Botswana contributes about 83 percent of its total revenue estimated at P 3.3 billion with South African contributing the rest. But this year, the figure looks like it will be more than double thanks to its strategic Rustenburg warehouse and the opening of new stores with the next one billed for Tonota Village.
“Going forward, a thrust of growth can be expected to emerge out of South African operations where fully fledged operations were commenced by the end of the calendar year, as well as the distribution centre in Rustenburg having an upbeat on the bottom-line.
“Domestic prospects will continue, driven by the group’s competitive advantage over the industry, given its inherent successful business model and market focus,” Stockbrokers Botswana said in its research note posted earlier in the year.

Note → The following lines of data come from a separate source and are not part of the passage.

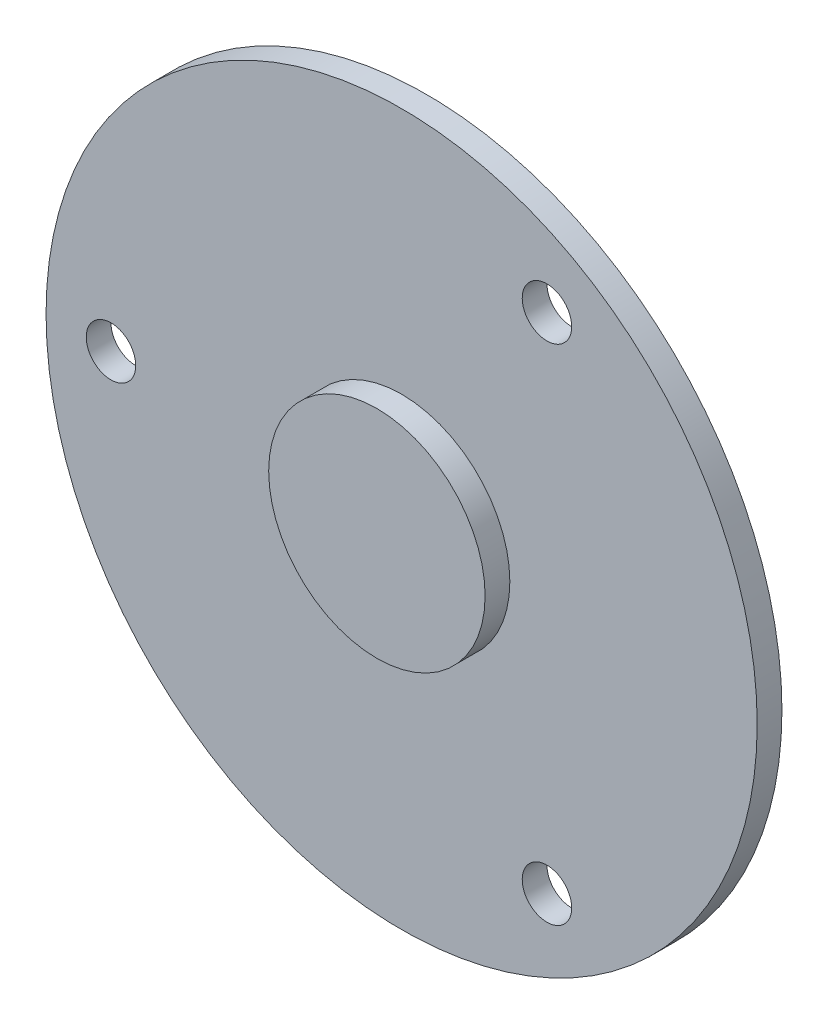
SolidWorks part; units mm, degrees
ref_plane "前视基准面" through (0, 0, 0) normal (0, 0, 1) x (1, 0, 0)
ref_plane "上视基准面" through (0, 0, 0) normal (0, 1, 0) x (1, 0, 0)
ref_plane "右视基准面" through (0, 0, 0) normal (1, 0, 0) x (0, 0, -1)
sketch "草图1" plane through (0, 0, 0) normal (0, 0, 1) x (1, 0, 0)
  circle A0 centre (0, 0) radius 57.5
  dimension "D1" = 115
extrude "凸台-拉伸1" add sketch "草图1" along normal blind 4
sketch "草图2" plane through (0, 0, 4) normal (0, 0, 1) x (1, 0, 0)
  circle A0 centre (0, 0) radius 17.5
  dimension "D1" = 35
extrude "凸台-拉伸2" add sketch "草图2" along normal blind 4
sketch "草图3" plane through (0, 0, 0) normal (0, 0, -1) x (-1, 0, 0)
  circle A0 centre (0, 0) radius 47 construction
  circle A1 centre (47, 0) radius 4
  dimension "D1" = 94
  dimension "D2" = 8
extrude "切除-拉伸1" cut sketch "草图3" against normal blind 12
pattern_circular "阵列(圆周)1" count 3 over 360 about axis through (0, 0, 0) along (0, 0, 1) of "切除-拉伸1"
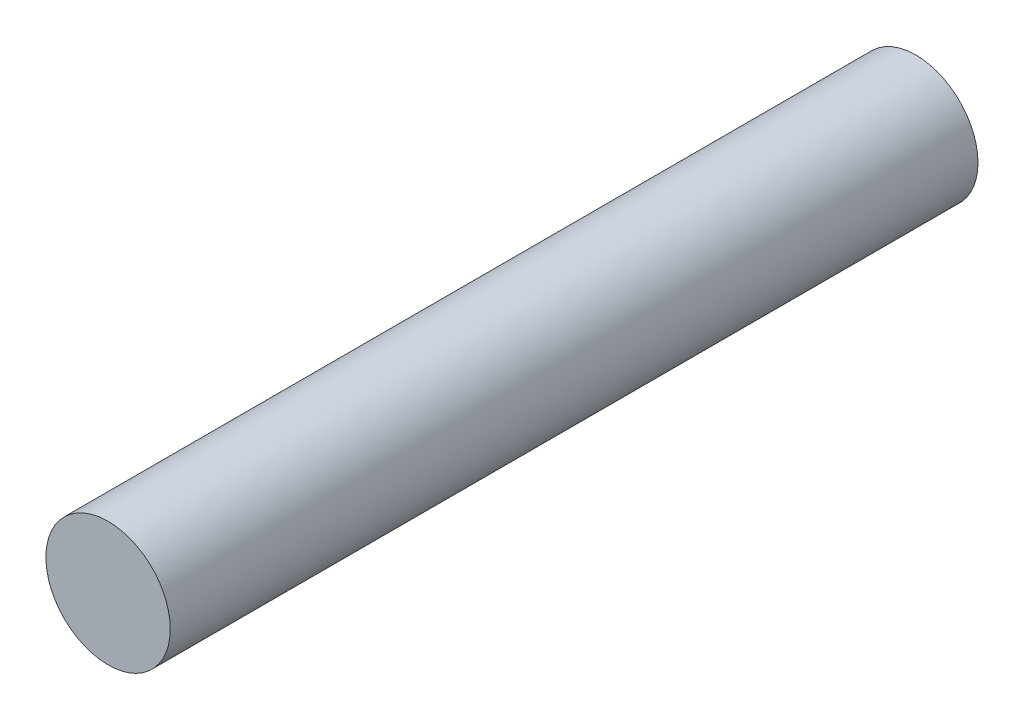
SolidWorks part; units mm, degrees
ref_plane "Front Plane" through (0, 0, 0) normal (0, 0, 1) x (1, 0, 0)
ref_plane "Top Plane" through (0, 0, 0) normal (0, 1, 0) x (1, 0, 0)
ref_plane "Right Plane" through (0, 0, 0) normal (1, 0, 0) x (0, 0, -1)
sketch "Sketch2" plane through (0, 0, 0) normal (0, 0, 1) x (1, 0, 0)
  circle A0 centre (0, 0) radius 1.1303
extrude "Extrude1" add sketch "Sketch2" along normal blind 14.6812
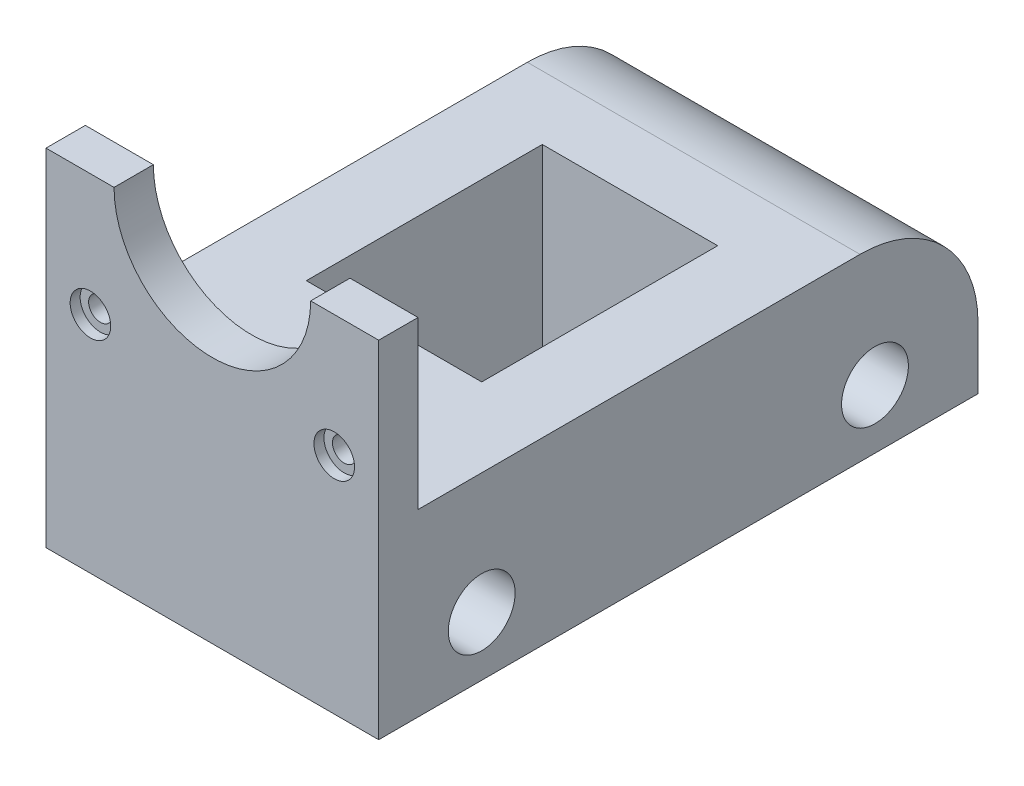
SolidWorks part; units mm, degrees
ref_plane "Front Plane" through (0, 0, 0) normal (0, 0, 1) x (1, 0, 0)
ref_plane "Top Plane" through (0, 0, 0) normal (0, 1, 0) x (1, 0, 0)
ref_plane "Right Plane" through (0, 0, 0) normal (1, 0, 0) x (0, 0, -1)
sketch "Sketch2" plane through (0, 0, 0) normal (0, 1, 0) x (1, 0, 0)
  line L1 (-19.1815, 10.163) -> (23.1185, 10.163)
  line L2 (-19.1815, 10.163) -> (-19.1815, -66.037)
  line L3 (-19.1815, -66.037) -> (23.1185, -66.037)
  line L4 (23.1185, 10.163) -> (23.1185, -66.037)
  dimension "D1" = 42.3
  dimension "D2" = 76.2
extrude "Boss-Extrude1" add sketch "Sketch2" along normal blind 15
sketch "Sketch5" plane through (0, 0, 66.037) normal (0, 0, 1) x (1, 0, 0)
  line L0 (23.1185, 15) -> (23.1185, 0) construction
  line L1 (-19.1815, 15) -> (23.1185, 15)
  line L2 (-19.1815, 15) -> (-19.1815, 57.3)
  line L3 (-19.1815, 57.3) -> (23.1185, 57.3)
  line L4 (23.1185, 15) -> (23.1185, 57.3)
  dimension "D1" = 42.3
extrude "Mounting" add sketch "Sketch5" against normal blind 5
sketch "Sketch6" plane through (0, 0, 66.037) normal (0, 0, 1) x (1, 0, 0)
  line L0 (23.1185, 57.3) -> (23.1185, 0) construction
  line L1 (-19.1815, 57.3) -> (23.1185, 57.3)
  line L2 (-19.1815, 57.3) -> (-19.1815, 15)
  line L3 (-19.1815, 15) -> (23.1185, 15) construction
  line L4 (23.1185, 57.3) -> (23.1185, 15)
  line L5 (-19.1815, 36.15) -> (23.1185, 36.15)
  line L6 (-19.1815, 57.3) -> (-19.1815, 36.15)
  line L7 (23.1185, 36.15) -> (23.1185, 57.3)
  line L8 (-19.1815, 0) -> (23.1185, 0) construction
  circle A0 centre (1.9685, 36.15) radius 12.5
  line M7 (23.1185, 57.3) -> (-19.1815, 57.3)
  line M8 (-19.1815, 57.3) -> (-19.1815, 0)
  dimension "D2" = 25
  dimension "D1" = 42.3
  dimension "D3" = 36.15
extrude "Pully Hole" cut sketch "Sketch6" against normal through all contours L5 L4 M8 M7 | A0
sketch "Sketch8" plane through (0, 0, 66.037) normal (0, 0, 1) x (1, 0, 0)
  line L0 (1.9685, 15) -> (1.9685, 36.15) construction
  line L5 (-10.5315, 36.15) -> (-19.1815, 36.15)
  line L6 (23.1185, 36.15) -> (14.4685, 36.15)
  line L7 (23.1185, 15) -> (23.1185, 36.15)
  line L8 (-19.1815, 15) -> (23.1185, 15)
  line L9 (-19.1815, 36.15) -> (-19.1815, 15)
  line L10 (-10.5315, 36.15) -> (-19.1815, 36.15)
  line L11 (23.1185, 36.15) -> (14.4685, 36.15)
  line L12 (23.1185, 15) -> (23.1185, 36.15)
  line L13 (-19.1815, 15) -> (23.1185, 15)
  line L14 (-19.1815, 36.15) -> (-19.1815, 15)
  circle A0 centre (-13.5315, 20.65) radius 1.5
  arc A1 (-10.5315, 36.15) -> (14.4685, 36.15) centre (1.9685, 36.15) ccw
  arc A2 (-10.5315, 36.15) -> (14.4685, 36.15) centre (1.9685, 36.15) ccw
  circle A3 centre (17.4685, 20.65) radius 1.5
  dimension "D4" = 3
  dimension "D2" = 5.65
  dimension "D3" = 5.65
  dimension "D1" = 0
extrude "M3" cut sketch "Sketch8" against normal through all contours A0 | A3
sketch "Sketch9" plane through (0, 0, 66.037) normal (0, 0, 1) x (1, 0, 0)
  line L0 (1.9685, 23.65) -> (1.9685, 15.8341) construction
  circle A0 centre (-13.5315, 20.65) radius 2.58
  arc A1 (-10.5315, 36.15) -> (14.4685, 36.15) centre (1.9685, 36.15) ccw construction
  circle A2 centre (17.4685, 20.65) radius 2.58
  dimension "D1" = 5.16
extrude "Screw Tops" cut sketch "Sketch9" against normal blind 1.27
sketch "Sketch11" plane through (0, 0, 0) normal (0, -1, 0) x (1, 0, 0)
  line L0 (-19.1815, 27.937) -> (23.1185, 27.937) construction
  line L1 (-19.1815, -10.163) -> (-19.1815, 66.037) construction
  line L2 (23.1185, 66.037) -> (23.1185, -10.163) construction
  line L4 (-9.1815, 12.937) -> (13.1185, 12.937)
  line L5 (-9.1815, 12.937) -> (-9.1815, 42.937)
  line L6 (-9.1815, 42.937) -> (13.1185, 42.937)
  line L7 (13.1185, 12.937) -> (13.1185, 42.937)
  line L8 (-9.1815, 12.937) -> (13.1185, 42.937) construction
  line L9 (-9.1815, 42.937) -> (13.1185, 12.937) construction
  point P6 (1.9685, 27.937)
  dimension "D1" = 10
  dimension "D2" = 30
extrude "Cut-Extrude1" cut sketch "Sketch11" against normal through all
sketch "Sketch12" plane through (0, 0, 0) normal (0, -1, 0) x (1, 0, 0)
  line L0 (-9.1815, 42.937) -> (-9.1815, 12.937) construction
  line L1 (-9.1815, 12.937) -> (13.1185, 12.937) construction
  line L3 (13.1185, 42.937) -> (-9.1815, 42.937) construction
  line L4 (-19.1815, 66.037) -> (-19.1815, -10.163)
  line L5 (-19.1815, -10.163) -> (23.1185, -10.163)
  line L6 (23.1185, -10.163) -> (23.1185, 66.037)
  line L7 (23.1185, 66.037) -> (-19.1815, 66.037)
  line L8 (-19.1815, 66.037) -> (-19.1815, -10.163)
  line L9 (-19.1815, -10.163) -> (23.1185, -10.163)
  line L10 (23.1185, -10.163) -> (23.1185, 66.037)
  line L11 (23.1185, 66.037) -> (-19.1815, 66.037)
  line L12 (13.1185, 42.937) -> (-9.1815, 42.937)
  line L13 (-9.1815, 12.937) -> (13.1185, 12.937)
  line L14 (-9.1815, 42.937) -> (-9.1815, 12.937)
  line L15 (13.1185, 12.937) -> (13.1185, 42.937) construction
  line L16 (13.1185, 12.937) -> (13.1185, 42.937)
  dimension "D1" = 0
extrude "7.85 correction to match" add sketch "Sketch12" along normal blind 7.85
sketch "Sketch13" plane through (23.1185, 0, 0) normal (1, 0, 0) x (0, 0, -1)
  line L0 (-27.937, -7.85) -> (-27.937, 7.15) construction
  line L1 (10.163, -7.85) -> (-66.037, -7.85) construction
  line L2 (-27.937, -0.35) -> (-66.037, -0.35) construction
  line L3 (-66.037, 36.15) -> (-66.037, -7.85) construction
  circle A0 centre (-52.937, -0.35) radius 4.25
  circle A1 centre (-2.937, -0.35) radius 4.25
  dimension "D2" = 8.5
  dimension "D1" = 15
  dimension "D3" = 50
extrude "Cut-Extrude2" cut sketch "Sketch13" against normal through all
fillet "Fillet1" radius 15 1 edges at (1.9685, 15, -10.163)

Choppies controls 30 percent of the national markets share, followed by Spar at a distant 21 percent, Pick’n’ Pay 14 percent, Shoprite at 10 and the rest at 25 percent.
Some of the products include household goods, fruit and vegetables, meat and other consumables.
As part of its strategy, it maintained more convenient shopping hours, which saw it declaring a full year dividend of 3.6743 thebe per share or 31.32 percent during last year.
The company is currently trading at a higher rate of 17.4 times against the market average of 11 times historic earnings – indicating a higher appetite for the stock.
It joined the BSE open-cry market through Initial Public Offer window early last year at 100 thebe per share but its share price has since surged up.
The announcement by the chain store defied that tough trading conditions that saw a rising household debtness, squeezed salary adjustments and high interest rates in the market. The tough trading conditions affected the stock during the past year.
According to the researches, the company had a stock turnover ratio of 13.76 times as compared to 14.13 times for 2011. That showed that the stock was staying longer in the shelves than in the previous year.
It closed the week at 266 thebe per share on Friday but added that it will not declare dividend until full year results at the end of June 2013.